To be able to deal with floating point accuracy, you could do something like this instead: 为了能够处理浮点精度,你可以这样做:
condition = np.fabs(arr - 0.83723156) < 0.001
For floating point arrays np.isclose
is much better option than either comparing with the exactly same element or defining a custom range. 对于浮点数组,
np.isclose
比完全相同的元素或定义自定义范围要好得多。
>>> a = np.array([[ 0.68878371, 0.2511641 , 0.05677177],
[ 0.97784099, 0.96051717, 0.83723156],
[ 0.49460617, 0.24623311, 0.86396798]])
>>> np.isclose(a, 0.83723156).sum()
1
Note that real numbers are not represented exactly in a computer, that is why np.isclose
will work while ==
doesn't: 请注意,实数并不完全在计算机中表示,这就是为什么
np.isclose
可以工作,而==
不会:
>>> (0.1 + 0.2) == 0.3
False
Instead: 代替:
>>> np.isclose(0.1 + 0.2, 0.3)
True
To count the number of times x
appears in any array, you can simply sum the boolean array that results from a == x
: 要计算
x
在任何数组中出现的次数,您可以简单地将由a == x
得到的布尔数组求和:
>>> col = numpy.arange(3)
>>> cols = numpy.tile(col, 3)
>>> (cols == 1).sum()
3
It should go without saying, but I'll say it anyway: this is not very useful with floating point numbers unless you specify a range, like so: 它应该不言而喻,但无论如何我会说:除非你指定一个范围,否则这对浮点数不是很有用,如下所示:
>>> a = numpy.random.random((3, 3))
>>> ((a > 0.5) & (a < 0.75)).sum()
2
This general principle works for all sorts of tests. 这个一般原则适用于各种测试。 For example, if you want to count the number of floating point values that are integral:
例如,如果要计算整数的浮点值的数量:
>>> a = numpy.random.random((3, 3)) * 10
>>> a
array([[ 7.33955747, 0.89195947, 4.70725211],
[ 6.63686955, 5.98693505, 4.47567936],
[ 1.36965745, 5.01869306, 5.89245242]])
>>> a.astype(int)
array([[7, 0, 4],
[6, 5, 4],
[1, 5, 5]])
>>> (a == a.astype(int)).sum()
0
>>> a[1, 1] = 8
>>> (a == a.astype(int)).sum()
1
You can also use np.isclose()
as described by Imanol Luengo , depending on what your goal is. 您也可以使用Imanol Luengo所描述的
np.isclose()
,具体取决于您的目标。 But often, it's more useful to know whether values are in a range than to know whether they are arbitrarily close to some arbitrary value. 但通常,知道值是否在范围内比知道它们是否任意接近某个任意值更有用。
The problem with isclose
is that its default tolerance values ( rtol
and atol
) are arbitrary, and the results it generates are not always obvious or easy to predict. isclose
的问题在于其默认容差值( rtol
和atol
)是任意的,并且它生成的结果并不总是显而易见或易于预测。 To deal with complex floating point arithmetic, it does even more floating point arithmetic! 为了处理复杂的浮点运算,它做了更多的浮点运算! A simple range is much easier to reason about precisely.
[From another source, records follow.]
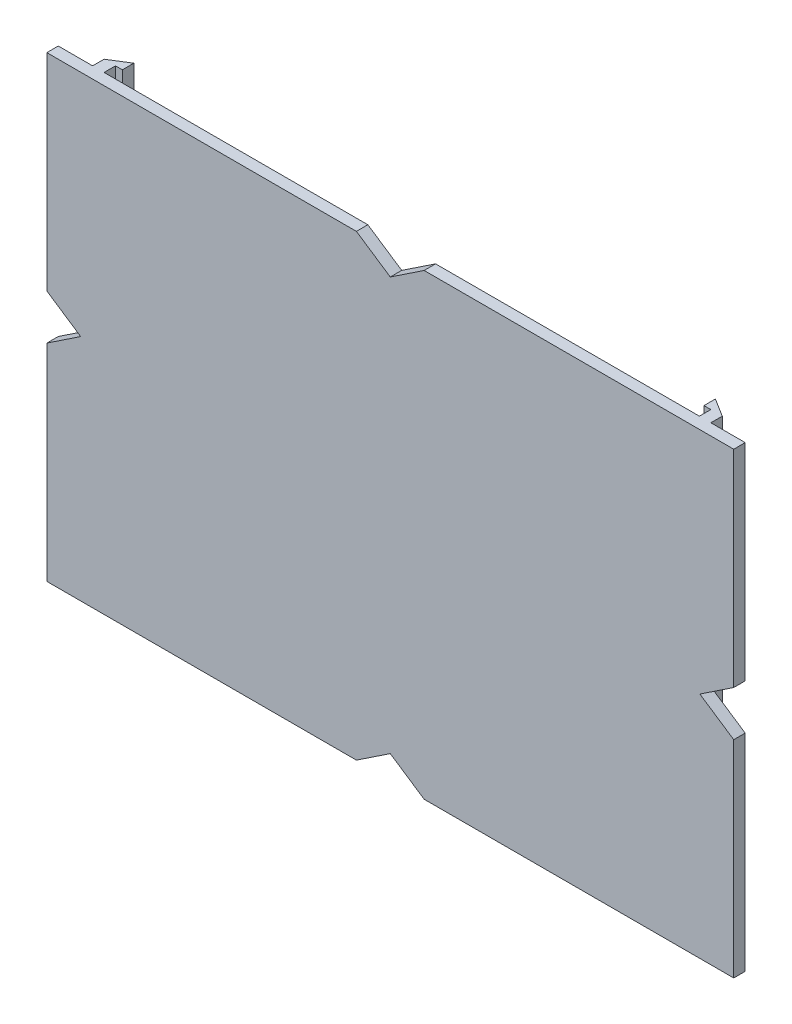
ISO-10303-21;
HEADER;
FILE_DESCRIPTION(('STEP AP214'),'2;1');
FILE_NAME('part.step','',(''),(''),'','','');
FILE_SCHEMA(('AUTOMOTIVE_DESIGN { 1 0 10303 214 1 1 1 1 }'));
ENDSEC;
DATA;
#1=APPLICATION_CONTEXT('core data for automotive mechanical design processes');
#2=APPLICATION_PROTOCOL_DEFINITION('international standard','automotive_design',2000,#1);
#3=PRODUCT_CONTEXT('',#1,'mechanical');
#4=PRODUCT('Part','Part','',(#3));
#5=PRODUCT_RELATED_PRODUCT_CATEGORY('part','',(#4));
#6=PRODUCT_DEFINITION_FORMATION('','',#4);
#7=PRODUCT_DEFINITION_CONTEXT('part definition',#1,'design');
#8=PRODUCT_DEFINITION('design','',#6,#7);
#9=PRODUCT_DEFINITION_SHAPE('','',#8);
#10=(LENGTH_UNIT() NAMED_UNIT(*) SI_UNIT(.MILLI.,.METRE.));
#11=(NAMED_UNIT(*) PLANE_ANGLE_UNIT() SI_UNIT($,.RADIAN.));
#12=(NAMED_UNIT(*) SI_UNIT($,.STERADIAN.) SOLID_ANGLE_UNIT());
#13=UNCERTAINTY_MEASURE_WITH_UNIT(LENGTH_MEASURE(1.E-05),#10,'distance_accuracy_value','');
#14=(GEOMETRIC_REPRESENTATION_CONTEXT(3) GLOBAL_UNCERTAINTY_ASSIGNED_CONTEXT((#13)) GLOBAL_UNIT_ASSIGNED_CONTEXT((#10,
#11,#12)) REPRESENTATION_CONTEXT('',''));
#15=CARTESIAN_POINT('',(0.,0.,0.));
#16=DIRECTION('',(0.,0.,1.));
#17=DIRECTION('',(1.,0.,0.));
#18=AXIS2_PLACEMENT_3D('',#15,#16,#17);
#19=CARTESIAN_POINT('',(0.,0.,0.));
#20=DIRECTION('',(0.,0.,1.));
#21=DIRECTION('',(1.,0.,0.));
#22=AXIS2_PLACEMENT_3D('',#19,#20,#21);
#23=PLANE('',#22);
#24=DIRECTION('',(0.,1.,0.));
#25=VECTOR('',#24,1.);
#26=CARTESIAN_POINT('',(130.,-112.806248474866,0.));
#27=LINE('',#26,#25);
#28=CARTESIAN_POINT('',(130.,-100.,0.));
#29=VERTEX_POINT('',#28);
#30=CARTESIAN_POINT('',(130.,100.,0.));
#31=VERTEX_POINT('',#30);
#32=EDGE_CURVE('E287',#29,#31,#27,.T.);
#33=ORIENTED_EDGE('',*,*,#32,.F.);
#34=DIRECTION('',(1.,0.,0.));
#35=VECTOR('',#34,1.);
#36=CARTESIAN_POINT('',(0.,-100.,0.));
#37=LINE('',#36,#35);
#38=CARTESIAN_POINT('',(14.7918271701004,-100.,0.));
#39=VERTEX_POINT('',#38);
#40=EDGE_CURVE('E442',#39,#29,#37,.T.);
#41=ORIENTED_EDGE('',*,*,#40,.F.);
#42=DIRECTION('',(0.832050294337844,-0.554700196225229,0.));
#43=VECTOR('',#42,1.);
#44=CARTESIAN_POINT('',(-41.6025147168922,-62.4037720753383,0.));
#45=LINE('',#44,#43);
#46=CARTESIAN_POINT('',(0.,-90.1387818865997,0.));
#47=VERTEX_POINT('',#46);
#48=EDGE_CURVE('E445',#47,#39,#45,.T.);
#49=ORIENTED_EDGE('',*,*,#48,.F.);
#50=DIRECTION('',(0.832050294337844,0.554700196225229,0.));
#51=VECTOR('',#50,1.);
#52=CARTESIAN_POINT('',(41.6025147168922,-62.4037720753382,0.));
#53=LINE('',#52,#51);
#54=CARTESIAN_POINT('',(-14.7918271701005,-100.,0.));
#55=VERTEX_POINT('',#54);
#56=EDGE_CURVE('E439',#55,#47,#53,.T.);
#57=ORIENTED_EDGE('',*,*,#56,.F.);
#58=CARTESIAN_POINT('',(-130.,-100.,0.));
#59=VERTEX_POINT('',#58);
#60=EDGE_CURVE('E440',#59,#55,#37,.T.);
#61=ORIENTED_EDGE('',*,*,#60,.F.);
#62=DIRECTION('',(0.,1.,0.));
#63=VECTOR('',#62,1.);
#64=CARTESIAN_POINT('',(-130.,-112.806248474866,0.));
#65=LINE('',#64,#63);
#66=CARTESIAN_POINT('',(-130.,100.,0.));
#67=VERTEX_POINT('',#66);
#68=EDGE_CURVE('E339',#59,#67,#65,.T.);
#69=ORIENTED_EDGE('',*,*,#68,.T.);
#70=DIRECTION('',(1.,0.,0.));
#71=VECTOR('',#70,1.);
#72=CARTESIAN_POINT('',(0.,100.,0.));
#73=LINE('',#72,#71);
#74=CARTESIAN_POINT('',(-14.7918271701004,100.,0.));
#75=VERTEX_POINT('',#74);
#76=EDGE_CURVE('E422',#67,#75,#73,.T.);
#77=ORIENTED_EDGE('',*,*,#76,.T.);
#78=DIRECTION('',(0.832050294337844,-0.554700196225229,0.));
#79=VECTOR('',#78,1.);
#80=CARTESIAN_POINT('',(41.6025147168922,62.4037720753382,0.));
#81=LINE('',#80,#79);
#82=CARTESIAN_POINT('',(0.,90.1387818865997,0.));
#83=VERTEX_POINT('',#82);
#84=EDGE_CURVE('E418',#75,#83,#81,.T.);
#85=ORIENTED_EDGE('',*,*,#84,.T.);
#86=DIRECTION('',(0.832050294337844,0.554700196225229,0.));
#87=VECTOR('',#86,1.);
#88=CARTESIAN_POINT('',(-41.6025147168922,62.4037720753383,0.));
#89=LINE('',#88,#87);
#90=CARTESIAN_POINT('',(14.7918271701004,100.,0.));
#91=VERTEX_POINT('',#90);
#92=EDGE_CURVE('E413',#83,#91,#89,.T.);
#93=ORIENTED_EDGE('',*,*,#92,.T.);
#94=EDGE_CURVE('E409',#91,#31,#73,.T.);
#95=ORIENTED_EDGE('',*,*,#94,.T.);
#96=EDGE_LOOP('',(#33,#41,#49,#57,#61,#69,#77,#85,#93,#95));
#97=FACE_BOUND('',#96,.T.);
#98=ADVANCED_FACE('F53',(#97),#23,.F.);
#99=DIRECTION('',(0.,1.,0.));
#100=VECTOR('',#99,1.);
#101=CARTESIAN_POINT('',(135.,-112.806248474866,0.));
#102=LINE('',#101,#100);
#103=CARTESIAN_POINT('',(135.,-100.,0.));
#104=VERTEX_POINT('',#103);
#105=CARTESIAN_POINT('',(135.,100.,0.));
#106=VERTEX_POINT('',#105);
#107=EDGE_CURVE('E69',#104,#106,#102,.T.);
#108=ORIENTED_EDGE('',*,*,#107,.T.);
#109=CARTESIAN_POINT('',(150.,100.,0.));
#110=VERTEX_POINT('',#109);
#111=EDGE_CURVE('E408',#106,#110,#73,.T.);
#112=ORIENTED_EDGE('',*,*,#111,.T.);
#113=DIRECTION('',(0.,-1.,0.));
#114=VECTOR('',#113,1.);
#115=CARTESIAN_POINT('',(150.,0.,0.));
#116=LINE('',#115,#114);
#117=CARTESIAN_POINT('',(150.,9.86121811340041,0.));
#118=VERTEX_POINT('',#117);
#119=EDGE_CURVE('E404',#110,#118,#116,.T.);
#120=ORIENTED_EDGE('',*,*,#119,.T.);
#121=DIRECTION('',(0.832050294337844,0.554700196225229,0.));
#122=VECTOR('',#121,1.);
#123=CARTESIAN_POINT('',(41.6025147168922,-62.4037720753382,0.));
#124=LINE('',#123,#122);
#125=CARTESIAN_POINT('',(135.208172829899,0.,0.));
#126=VERTEX_POINT('',#125);
#127=EDGE_CURVE('E400',#126,#118,#124,.T.);
#128=ORIENTED_EDGE('',*,*,#127,.F.);
#129=DIRECTION('',(0.832050294337844,-0.554700196225229,0.));
#130=VECTOR('',#129,1.);
#131=CARTESIAN_POINT('',(41.6025147168921,62.4037720753382,0.));
#132=LINE('',#131,#130);
#133=CARTESIAN_POINT('',(150.,-9.86121811340035,0.));
#134=VERTEX_POINT('',#133);
#135=EDGE_CURVE('E349',#126,#134,#132,.T.);
#136=ORIENTED_EDGE('',*,*,#135,.T.);
#137=CARTESIAN_POINT('',(150.,-100.,0.));
#138=VERTEX_POINT('',#137);
#139=EDGE_CURVE('E355',#134,#138,#116,.T.);
#140=ORIENTED_EDGE('',*,*,#139,.T.);
#141=EDGE_CURVE('E441',#104,#138,#37,.T.);
#142=ORIENTED_EDGE('',*,*,#141,.F.);
#143=EDGE_LOOP('',(#108,#112,#120,#128,#136,#140,#142));
#144=FACE_BOUND('',#143,.T.);
#145=ADVANCED_FACE('F509',(#144),#23,.F.);
#146=DIRECTION('',(0.,1.,0.));
#147=VECTOR('',#146,1.);
#148=CARTESIAN_POINT('',(-135.,-112.806248474866,0.));
#149=LINE('',#148,#147);
#150=CARTESIAN_POINT('',(-135.,-100.,0.));
#151=VERTEX_POINT('',#150);
#152=CARTESIAN_POINT('',(-135.,100.,0.));
#153=VERTEX_POINT('',#152);
#154=EDGE_CURVE('E342',#151,#153,#149,.T.);
#155=ORIENTED_EDGE('',*,*,#154,.F.);
#156=CARTESIAN_POINT('',(-150.,-100.,0.));
#157=VERTEX_POINT('',#156);
#158=EDGE_CURVE('E435',#157,#151,#37,.T.);
#159=ORIENTED_EDGE('',*,*,#158,.F.);
#160=DIRECTION('',(0.,-1.,0.));
#161=VECTOR('',#160,1.);
#162=CARTESIAN_POINT('',(-150.,0.,0.));
#163=LINE('',#162,#161);
#164=CARTESIAN_POINT('',(-150.,-9.86121811340024,0.));
#165=VERTEX_POINT('',#164);
#166=EDGE_CURVE('E427',#165,#157,#163,.T.);
#167=ORIENTED_EDGE('',*,*,#166,.F.);
#168=DIRECTION('',(0.832050294337844,0.554700196225229,0.));
#169=VECTOR('',#168,1.);
#170=CARTESIAN_POINT('',(-41.6025147168922,62.4037720753383,0.));
#171=LINE('',#170,#169);
#172=CARTESIAN_POINT('',(-135.2081728299,0.,0.));
#173=VERTEX_POINT('',#172);
#174=EDGE_CURVE('E431',#165,#173,#171,.T.);
#175=ORIENTED_EDGE('',*,*,#174,.T.);
#176=DIRECTION('',(0.832050294337844,-0.554700196225229,0.));
#177=VECTOR('',#176,1.);
#178=CARTESIAN_POINT('',(-41.6025147168921,-62.4037720753383,0.));
#179=LINE('',#178,#177);
#180=CARTESIAN_POINT('',(-150.,9.86121811340027,0.));
#181=VERTEX_POINT('',#180);
#182=EDGE_CURVE('E426',#181,#173,#179,.T.);
#183=ORIENTED_EDGE('',*,*,#182,.F.);
#184=CARTESIAN_POINT('',(-150.,100.,0.));
#185=VERTEX_POINT('',#184);
#186=EDGE_CURVE('E423',#185,#181,#163,.T.);
#187=ORIENTED_EDGE('',*,*,#186,.F.);
#188=EDGE_CURVE('E414',#185,#153,#73,.T.);
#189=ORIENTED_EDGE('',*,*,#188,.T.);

简单的范围更容易推理。 (This is an expression of a more general principle: first, do the simplest thing that could possibly work .)
(这是一个更一般的原则的表达: 首先,做最简单的事情,可能有效 。)
Still, isclose
and its cousin allclose
have their uses. 仍然,
isclose
及其堂兄allclose
有其用途。 I usually use them to see if a whole array is very similar to another whole array, which doesn't seem to be your question. 我通常使用它们来查看整个数组是否与另一个整个数组非常相似,这似乎不是你的问题。
If it may be of use to anyone: for very large 2D arrays, if you want to count how many time all elements appear within the entire array, one could flatten the array into a list and then count how many times each element appeared:如果它可能对任何人都有用:对于非常大的 2D arrays,如果你想计算所有元素在整个数组中出现的次数,可以将数组展平成一个列表,然后计算每个元素出现的次数:
from itertools import chain
import collections
from collections import Counter
#large array is called arr
flatten_arr = list(chain.from_iterable(arr))
dico_nodeid_appearence = Counter(flatten_arr)
#how may times x appeared in the arr
dico_nodeid_appearence[x]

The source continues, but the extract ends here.